Staffetta generazionale bocciata dall’Ilo

All’International Labour Organization non piace la staffetta generazionale fra i giovani e chi è prossimo alla pensione

In Italia ci si lamenta spesso della gerontocrazia dominante, specialmente nella classe politica, ma per una volta che, proprio la politica italiana, si era impegnata per promuovere una staffetta generazionale in grado di decrescere le ore lavoro delle persone vicine alle pensione aumentando quelle dei lavoratori più giovani, la bocciatura arriva dall’estero, più precisamente dall’ILO, l'International Labour Organization che nel suo Rapporto sul lavoro nel mondo 2013 ha spiegato come i lavoratori giovani non debbano prendere il posto di quelli anziani, ma si debbano individuare altrove i mezzi a sostegno dell’occupazione giovanile.
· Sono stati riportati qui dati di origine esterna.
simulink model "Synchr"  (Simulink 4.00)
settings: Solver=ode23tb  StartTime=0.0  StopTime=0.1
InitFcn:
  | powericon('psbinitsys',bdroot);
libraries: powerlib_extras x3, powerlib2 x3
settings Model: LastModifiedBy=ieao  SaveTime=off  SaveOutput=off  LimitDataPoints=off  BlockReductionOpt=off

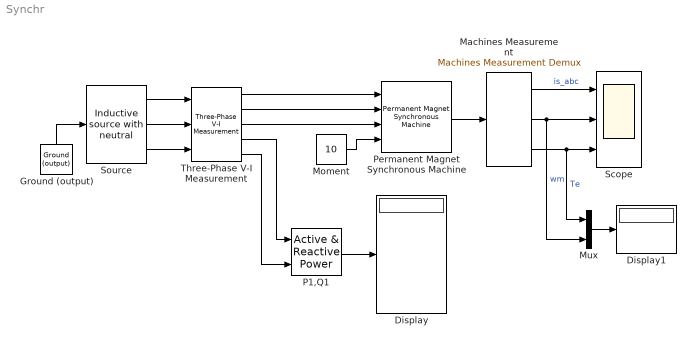
== system Synchr ==
  " Source" : powerlib_extras/Three-Phase Library/Inductive source with neutral  V=310  Phi=0  F=50  R=0.724  L=0
  Display : Display
      settings: Format=short
  Display1 : Display
      settings: Format=short
  Ground (output) : powerlib2/Connectors/Ground (output)  Tag=PoWeRsYsTeMbLoCk  Orientation=up  PSBOutputType=1
  Machines Measurement : powerlib2/Machines/Machines Measurement Demux  machType=Permanent magnet synchronous  ssm1=on  ssm2=off  ssm3=on  ssm4=off  ssm5=on  ssm6=off  sm1=on  sm2=on  sm3=on  sm4=on  sm5=on  sm6=on  sm7=on  sm8=on  sm9=on  sm10=on  sm11=on  asm1=on  asm2=on  asm3=on  asm4=on  asm5=on  asm6=on  asm7=on  asm8=on  asm9=on  asm10=on  asm11=on  pmsm1=on  pmsm2=off  pmsm3=off  pmsm4=on  pmsm5=off  pmsm6=on  lastType=1
  Moment : Constant  Value=10
  Mux : Mux  Inputs=2
  P1,Q1 : powerlib_extras/Measurements/Active & Reactive Power  f1=50
  Permanent Magnet Synchronous Machine : powerlib2/Machines/Permanent Magnet Synchronous Machine  Tag=PoWeRsYsTeMbLoCk  x1=2.8  x2=[8.5e-3, 2.5e-3]  x3=1  x4="[ 0.8e-3, 0,  4 ]"  PSBOutputType=0
  Scope : Scope  NumInputPorts=3
      settings: TimeRange=auto  YMin=-75~-50~-40  YMax=100~300~40  SaveToWorkspace=off  SaveName=ScopeData  MaxDataPoints=5000
  Three-Phase V-I Measurement : powerlib_extras/Measurements/Three-Phase V-I Measurement  phaseurs=off  Vpu=off  Vbase=500e3  Ppu=off  Pbase=100e6
  wires:
  Permanent Magnet Synchronous Machine/1 -> Machines Measurement/1
  Three-Phase V-I Measurement/1 -> Permanent Magnet Synchronous Machine/1
  Three-Phase V-I Measurement/2 -> Permanent Magnet Synchronous Machine/2
  Three-Phase V-I Measurement/3 -> Permanent Magnet Synchronous Machine/3
  Moment/1 -> Permanent Magnet Synchronous Machine/4
  Machines Measurement/2 -> Scope/2, Mux/2  "wm"
  Three-Phase V-I Measurement/4 -> P1,Q1/1
  Three-Phase V-I Measurement/5 -> P1,Q1/2
  " Source"/1 -> Three-Phase V-I Measurement/1
  P1,Q1/1 -> Display/1
  Ground (output)/1 -> " Source"/1
  " Source"/2 -> Three-Phase V-I Measurement/2
  " Source"/3 -> Three-Phase V-I Measurement/3
  Machines Measurement/1 -> Scope/1  "is_abc"
  Mux/1 -> Display1/1
  Machines Measurement/3 -> Mux/1, Scope/3  "Te"
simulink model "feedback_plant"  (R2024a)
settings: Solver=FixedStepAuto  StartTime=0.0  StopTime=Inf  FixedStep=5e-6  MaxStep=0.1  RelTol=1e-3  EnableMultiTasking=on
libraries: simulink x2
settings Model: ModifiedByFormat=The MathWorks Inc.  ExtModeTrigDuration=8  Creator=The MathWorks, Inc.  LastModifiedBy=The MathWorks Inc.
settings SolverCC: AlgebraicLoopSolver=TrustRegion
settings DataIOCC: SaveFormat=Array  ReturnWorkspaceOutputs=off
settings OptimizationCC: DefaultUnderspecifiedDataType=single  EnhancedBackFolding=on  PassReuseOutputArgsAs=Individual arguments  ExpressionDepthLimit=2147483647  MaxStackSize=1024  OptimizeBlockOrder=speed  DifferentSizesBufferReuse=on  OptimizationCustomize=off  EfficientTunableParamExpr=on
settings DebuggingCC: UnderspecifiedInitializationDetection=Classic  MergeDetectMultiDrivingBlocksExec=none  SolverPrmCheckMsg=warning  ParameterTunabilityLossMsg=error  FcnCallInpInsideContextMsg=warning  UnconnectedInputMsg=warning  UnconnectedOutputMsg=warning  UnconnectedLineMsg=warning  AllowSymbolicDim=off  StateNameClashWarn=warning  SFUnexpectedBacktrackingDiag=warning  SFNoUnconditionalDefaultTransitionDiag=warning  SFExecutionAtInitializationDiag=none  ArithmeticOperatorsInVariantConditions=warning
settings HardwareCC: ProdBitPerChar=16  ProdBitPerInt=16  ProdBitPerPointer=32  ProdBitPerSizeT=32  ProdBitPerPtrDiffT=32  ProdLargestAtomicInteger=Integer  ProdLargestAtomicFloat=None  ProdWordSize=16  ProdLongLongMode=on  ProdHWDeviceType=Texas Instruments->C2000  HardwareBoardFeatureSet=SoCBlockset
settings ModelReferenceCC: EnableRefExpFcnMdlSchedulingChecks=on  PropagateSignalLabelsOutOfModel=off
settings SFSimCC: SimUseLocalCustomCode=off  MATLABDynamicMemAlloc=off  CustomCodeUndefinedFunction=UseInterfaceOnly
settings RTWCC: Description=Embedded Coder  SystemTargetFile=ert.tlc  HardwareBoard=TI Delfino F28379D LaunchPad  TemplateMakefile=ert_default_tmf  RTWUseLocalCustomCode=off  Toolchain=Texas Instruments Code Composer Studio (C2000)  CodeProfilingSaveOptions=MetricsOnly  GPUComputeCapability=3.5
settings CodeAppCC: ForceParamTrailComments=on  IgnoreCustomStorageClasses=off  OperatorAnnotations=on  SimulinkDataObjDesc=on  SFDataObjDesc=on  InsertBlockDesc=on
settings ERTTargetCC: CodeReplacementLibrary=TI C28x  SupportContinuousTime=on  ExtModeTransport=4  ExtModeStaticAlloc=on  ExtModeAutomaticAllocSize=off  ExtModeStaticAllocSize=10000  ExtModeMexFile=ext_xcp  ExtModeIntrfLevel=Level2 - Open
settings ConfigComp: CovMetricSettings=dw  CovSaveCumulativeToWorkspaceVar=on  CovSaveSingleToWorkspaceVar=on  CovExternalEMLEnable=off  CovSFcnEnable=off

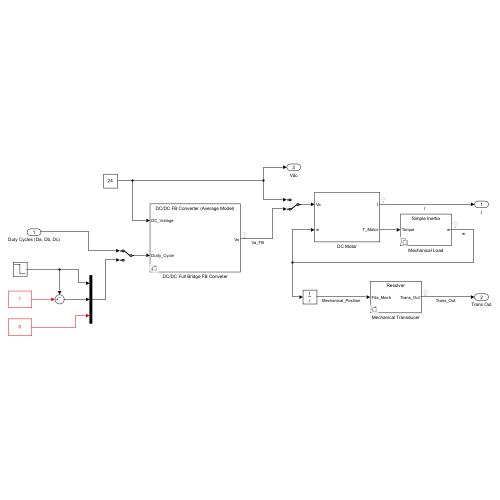
[thumbnail: Simulink's stored preview of the top-level diagram]
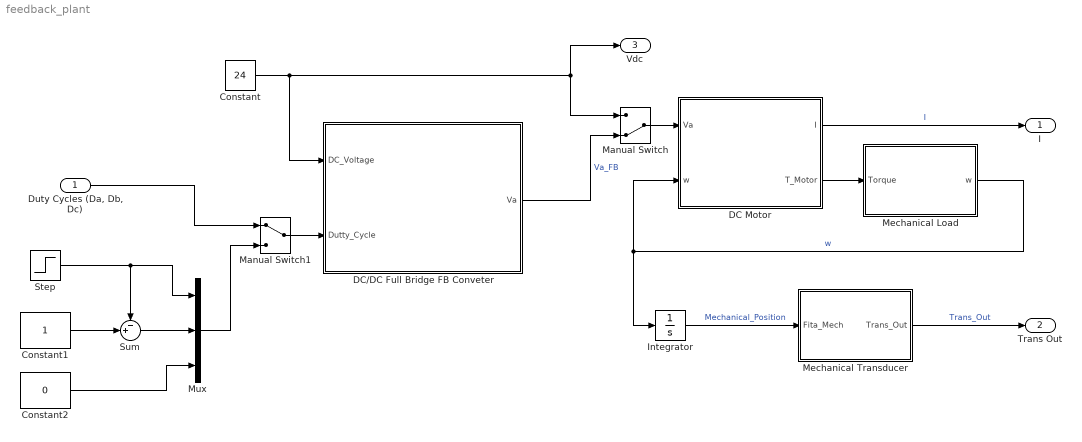
== system feedback_plant ==
  "Duty Cycles (Da, Db, Dc)" : Inport  PortDimensions=3
  Constant : Constant  Value=24
  Constant1 : Constant  OutDataTypeStr=Inherit: Inherit via back propagation  SampleTime=-1
  Constant2 : Constant  Value=0  OutDataTypeStr=Inherit: Inherit via back propagation  SampleTime=-1
  DC Motor : Subsystem  mask{R=705e-3, L=9.05e-3, Kf=3.8089}
      mask prompts: R "Resistance of the armature Ra [Ohms]:"; L "Inductance of the armature La [H]:"; Kf "Torque constant [Kf]:"
      mask DialogControl DescTextVar Prompt: This is the model of a Permanent Magnet DC Motor.
  DC/DC Full Bridge FB Conveter : Subsystem  Variant=on
  Integrator : Integrator
  Manual Switch : ManualSwitch  CurrentSetting=0
  Manual Switch1 : ManualSwitch
  Mechanical Load : Subsystem  Variant=on
  Mechanical Transducer : Subsystem  Variant=on
  Mux : Mux  Inputs=3
  Step : Step  Time=0.1  Before=0.6  After=0.4  SampleTime=0
  Sum : Sum  Inputs=-+|
  I : Outport
  Trans Out : Outport  Port=2
  Vdc : Outport  Port=3
  wires:
  DC Motor/1(I) -> I/1  "I"
  DC Motor/2(T_Motor) -> Mechanical Load/1(Torque)
  Mechanical Load/1(w) -> DC Motor/2(w), Integrator/1  "w"
  Manual Switch/1 -> DC Motor/1(Va)
  Constant/1 -> Vdc/1, Manual Switch/1, DC/DC Full Bridge FB Conveter/1(DC_Voltage)
  DC/DC Full Bridge FB Conveter/1(Va) -> Manual Switch/2  "Va_FB"
  Manual Switch1/1 -> DC/DC Full Bridge FB Conveter/2(Dutty_Cycle)
  "Duty Cycles (Da, Db, Dc)"/1 -> Manual Switch1/1
  Step/1 -> Mux/1, Sum/1
  Constant1/1 -> Sum/2
  Sum/1 -> Mux/2
  Mux/1 -> Manual Switch1/2
  Constant2/1 -> Mux/3
  Mechanical Transducer/1(Trans_Out) -> Trans Out/1  "Trans_Out"
  Integrator/1 -> Mechanical Transducer/1(Fita_Mech)  "Mechanical_Position"

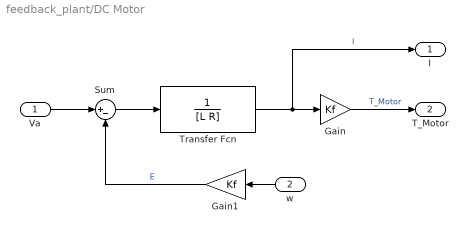
== system feedback_plant/DC Motor ==
  Va : Inport
  w : Inport  Port=2
  Gain : Gain  Gain=Kf
  Gain1 : Gain  Gain=Kf
  Sum : Sum  Inputs=|+-
  Transfer Fcn : TransferFcn  Denominator=[L R]
  I : Outport
  T_Motor : Outport  Port=2
  wires:
  Transfer Fcn/1 -> I/1, Gain/1  "I"
  Gain/1 -> T_Motor/1  "T_Motor"
  Sum/1 -> Transfer Fcn/1
  Gain1/1 -> Sum/2  "E"
  Va/1 -> Sum/1
  w/1 -> Gain1/1

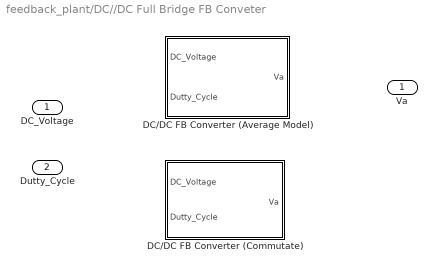
== system feedback_plant/DC//DC Full Bridge FB Conveter ==
  DC_Voltage : Inport
  Dutty_Cycle : Inport  Port=2
  DC/DC FB Converter (Average Model) : Subsystem  VariantControl=true
  DC/DC FB Converter (Commutate) : Subsystem  VariantControl=false
  Va : Outport

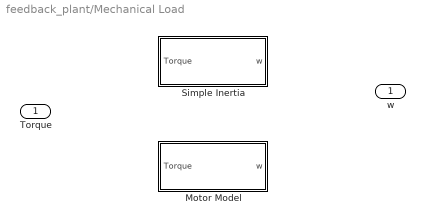
== system feedback_plant/Mechanical Load ==
  Torque : Inport
  Motor Model : Subsystem  VariantControl=false
  Simple Inertia : Subsystem  VariantControl=true  mask{f=0.0035, J=0.5}
      mask prompts: f "Friction coefficient:"; J "Inertia [Kg·m^2/s]:"
      mask DialogControl DescTextVar Prompt: This is the model of a simple Inertia with friction:
  w : Outport

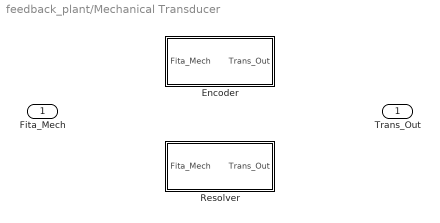
== system feedback_plant/Mechanical Transducer ==
  Fita_Mech : Inport
  Encoder : Subsystem  VariantControl=false
  Resolver : Subsystem  VariantControl=true
  Trans_Out : Outport

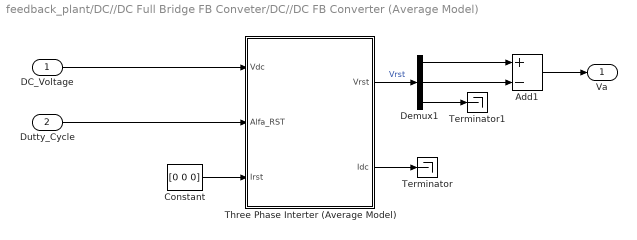
== system feedback_plant/DC//DC Full Bridge FB Conveter/DC//DC FB Converter (Average Model) ==
  DC_Voltage : Inport
  Dutty_Cycle : Inport  Port=2
  Add1 : Sum  Inputs=+-
  Constant : Constant  Value=[0 0 0]
  Demux1 : Demux  Outputs=3
  Terminator : Terminator
  Terminator1 : Terminator
  Three Phase Interter (Average Model) : Subsystem  VariantControl=VSS_TPH_INV_V0
  Va : Outport
  wires:
  Add1/1 -> Va/1
  DC_Voltage/1 -> Three Phase Interter (Average Model)/1(Vdc)
  Dutty_Cycle/1 -> Three Phase Interter (Average Model)/2(Alfa_RST)
  Constant/1 -> Three Phase Interter (Average Model)/3(Irst)
  Three Phase Interter (Average Model)/2(Idc) -> Terminator/1
  Three Phase Interter (Average Model)/1(Vrst) -> Demux1/1  "Vrst"
  Demux1/1 -> Add1/1
  Demux1/2 -> Add1/2
  Demux1/3 -> Terminator1/1

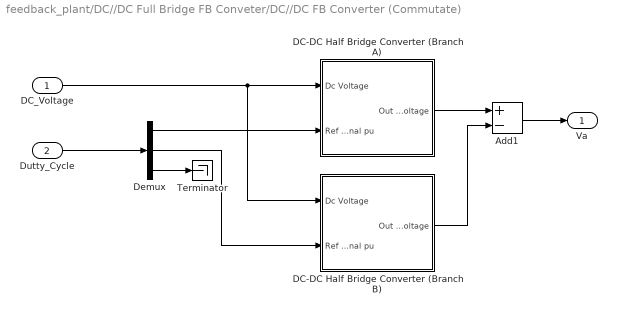
== system feedback_plant/DC//DC Full Bridge FB Conveter/DC//DC FB Converter (Commutate) ==
  DC_Voltage : Inport
  Dutty_Cycle : Inport  Port=2
  Add1 : Sum  Inputs=+-
  DC-DC Half Bridge Converter (Branch A) : Subsystem  mask{F=7}
      mask prompts: F "Commutation Frequency (kHz):"
  DC-DC Half Bridge Converter (Branch B) : Subsystem  mask{F=7}
      mask prompts: F "Commutation Frequency (kHz):"
  Demux : Demux  Outputs=3
  Terminator : Terminator
  Va : Outport
  wires:
  Add1/1 -> Va/1
  Demux/1 -> DC-DC Half Bridge Converter (Branch A)/2(Ref Signal pu)
  DC-DC Half Bridge Converter (Branch B)/1(Out Voltage) -> Add1/2
  Dutty_Cycle/1 -> Demux/1
  Demux/2 -> DC-DC Half Bridge Converter (Branch B)/2(Ref Signal pu)
  DC-DC Half Bridge Converter (Branch A)/1(Out Voltage) -> Add1/1
  DC_Voltage/1 -> DC-DC Half Bridge Converter (Branch A)/1(Dc Voltage), DC-DC Half Bridge Converter (Branch B)/1(Dc Voltage)
  Demux/3 -> Terminator/1

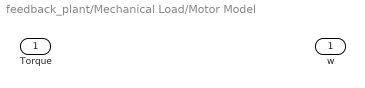
== system feedback_plant/Mechanical Load/Motor Model ==
  Torque : Inport
  w : Outport

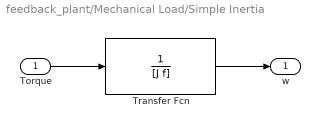
== system feedback_plant/Mechanical Load/Simple Inertia ==
  Torque : Inport
  Transfer Fcn : TransferFcn  Denominator=[J f]
  w : Outport
  wires:
  Torque/1 -> Transfer Fcn/1
  Transfer Fcn/1 -> w/1

== system feedback_plant/Mechanical Transducer/Encoder ==
  Fita_Mech : Inport
  Trans_Out : Outport
  wires:
  Fita_Mech/1 -> Trans_Out/1

== system feedback_plant/Mechanical Transducer/Resolver ==
  Fita_Mech : Inport
  Trans_Out : Outport
  wires:
  Fita_Mech/1 -> Trans_Out/1

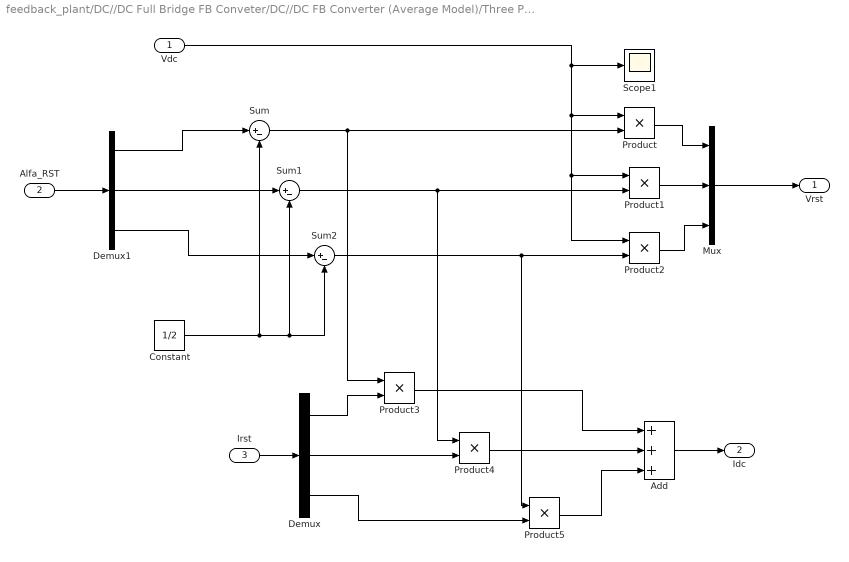
== system feedback_plant/DC//DC Full Bridge FB Conveter/DC//DC FB Converter (Average Model)/Three Phase Interter (Average Model) ==
  Vdc : Inport
  Alfa_RST : Inport  Port=2
  Irst : Inport  Port=3
  Add : Sum  Inputs=+++
  Constant : Constant  Value=1/2
  Demux : Demux  Outputs=3
  Demux1 : Demux  Outputs=3
  Mux : Mux  Inputs=3
  Product{,1..5} (6 alike) : Product
  Scope1 : Scope
  Sum : Sum  Inputs=|+-
  Sum1 : Sum  Inputs=|+-
  Sum2 : Sum  Inputs=|+-
  Vrst : Outport
  Idc : Outport  Port=2
  wires:
  Add/1 -> Idc/1
  Product5/1 -> Add/3
  Vdc/1 -> Scope1/1, Product1/1, Product2/1, Product/1
  Demux1/1 -> Sum/1
  Constant/1 -> Sum/2, Sum1/2, Sum2/2
  Product4/1 -> Add/2
  Sum1/1 -> Product4/1, Product1/2
  Product3/1 -> Add/1
  Sum/1 -> Product3/1, Product/2
  Product1/1 -> Mux/2
  Product2/1 -> Mux/3
  Sum2/1 -> Product5/1, Product2/2
  Product/1 -> Mux/1
  Demux1/2 -> Sum1/1
  Demux1/3 -> Sum2/1
  Demux/2 -> Product4/2
  Alfa_RST/1 -> Demux1/1
  Demux/3 -> Product5/2
  Demux/1 -> Product3/2
  Irst/1 -> Demux/1
  Mux/1 -> Vrst/1

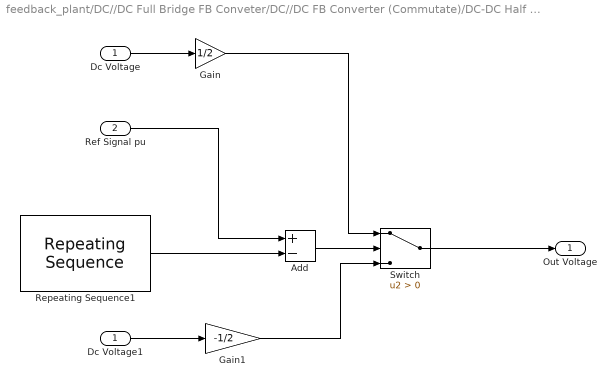
== system feedback_plant/DC//DC Full Bridge FB Conveter/DC//DC FB Converter (Commutate)/DC-DC Half Bridge Converter (Branch A) ==
  Dc Voltage : Inport
  Ref Signal pu : Inport  Port=2
  Add : Sum  Inputs=+-
  Dc Voltage1 : InportShadow
  Gain : Gain  Gain=1/2
  Gain1 : Gain  Gain=-1/2
  Repeating Sequence1 : simulink/Sources/Repeating Sequence  rep_seq_t=[0 a b]  rep_seq_y=[0 c d]  mask(Repeating table){F=F, Trig=Triangular}
      mask prompts: F "Enter the commutation Frequency (KHz):"; Trig "Select between Saw Tooth/Triangular:"
      mask init:
      | T =  1 / (F * 1000);
      | if (Trig == 1)
      |     % This mean the user has selected Saw Tooth Waveform
      |     a = T/2;
      |     b = T;
      |     c = 1/2;
      |     d = 1;
      | else
      |     % This mean the user has selected Triangular Waveform
      |     a = T/2;
      |     b = T;
      |     c = 1;
      |     d = 0;
      | end
      mask TypeOptions Trig: Saw Tooth | Triangular
  Switch : Switch  Criteria=u2 > Threshold  SaturateOnIntegerOverflow=off  InputSameDT=off
  Out Voltage : Outport
  wires:
  Add/1 -> Switch/2
  Repeating Sequence1/1 -> Add/2
  Dc Voltage1/1 -> Gain1/1
  Switch/1 -> Out Voltage/1
  Dc Voltage/1 -> Gain/1
  Gain/1 -> Switch/1
  Gain1/1 -> Switch/3
  Ref Signal pu/1 -> Add/1

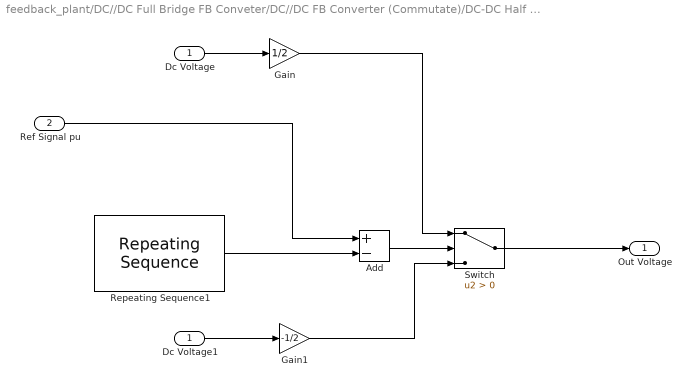
== system feedback_plant/DC//DC Full Bridge FB Conveter/DC//DC FB Converter (Commutate)/DC-DC Half Bridge Converter (Branch B) ==
  Dc Voltage : Inport
  Ref Signal pu : Inport  Port=2
  Add : Sum  Inputs=+-
  Dc Voltage1 : InportShadow
  Gain : Gain  Gain=1/2
  Gain1 : Gain  Gain=-1/2
  Repeating Sequence1 : simulink/Sources/Repeating Sequence  rep_seq_t=[0 a b]  rep_seq_y=[0 c d]  mask(Repeating table){F=F, Trig=Triangular}
      mask prompts: F "Enter the commutation Frequency (KHz):"; Trig "Select between Saw Tooth/Triangular:"
      mask init: same as feedback_plant/DC//DC Full Bridge FB Conveter/DC//DC FB Converter (Commutate)/DC-DC Half Bridge Converter (Branch A)/Repeating Sequence1
      mask TypeOptions Trig: Saw Tooth | Triangular
  Switch : Switch  Criteria=u2 > Threshold  SaturateOnIntegerOverflow=off  InputSameDT=off
  Out Voltage : Outport
  wires:
  Ref Signal pu/1 -> Add/1
  Gain1/1 -> Switch/3
  Gain/1 -> Switch/1
  Dc Voltage/1 -> Gain/1
  Switch/1 -> Out Voltage/1
  Dc Voltage1/1 -> Gain1/1
  Repeating Sequence1/1 -> Add/2
  Add/1 -> Switch/2

Secondo l’ILO, l’Italia deve monitorare le forme atipiche di occupazione e lavorare affinché i contratti a tempo determinato vengano trasformati in posti di lavoro fisso. La percentuale dei contratti a tempo determinato è ulteriormente aumentata in seguito alla Riforma Fornero. Dal 2007 al 2012 il numero dei lavoratori precari è cresciuto del 5,7% raggiungendo il 32% degli occupati nel 2012.

Le stesse perplessità che stanno spingendo il ministro Enrico Giovannini a modificare la Riforma Fornero, trovano conferma nei dati di un autorevole organismo terzo. Secondo l’Ilo nel nostro Paese servono 1,7 milioni di posti di lavoro: attualmente sono 600mila in meno rispetto al 2007, ma visto che la popolazione in età lavorativa è aumentata nel frattempo di 1,1 milioni, 1,7 milioni è la cifra che potrebbe riportarci il tasso di occupazione al periodo antecedente la crisi.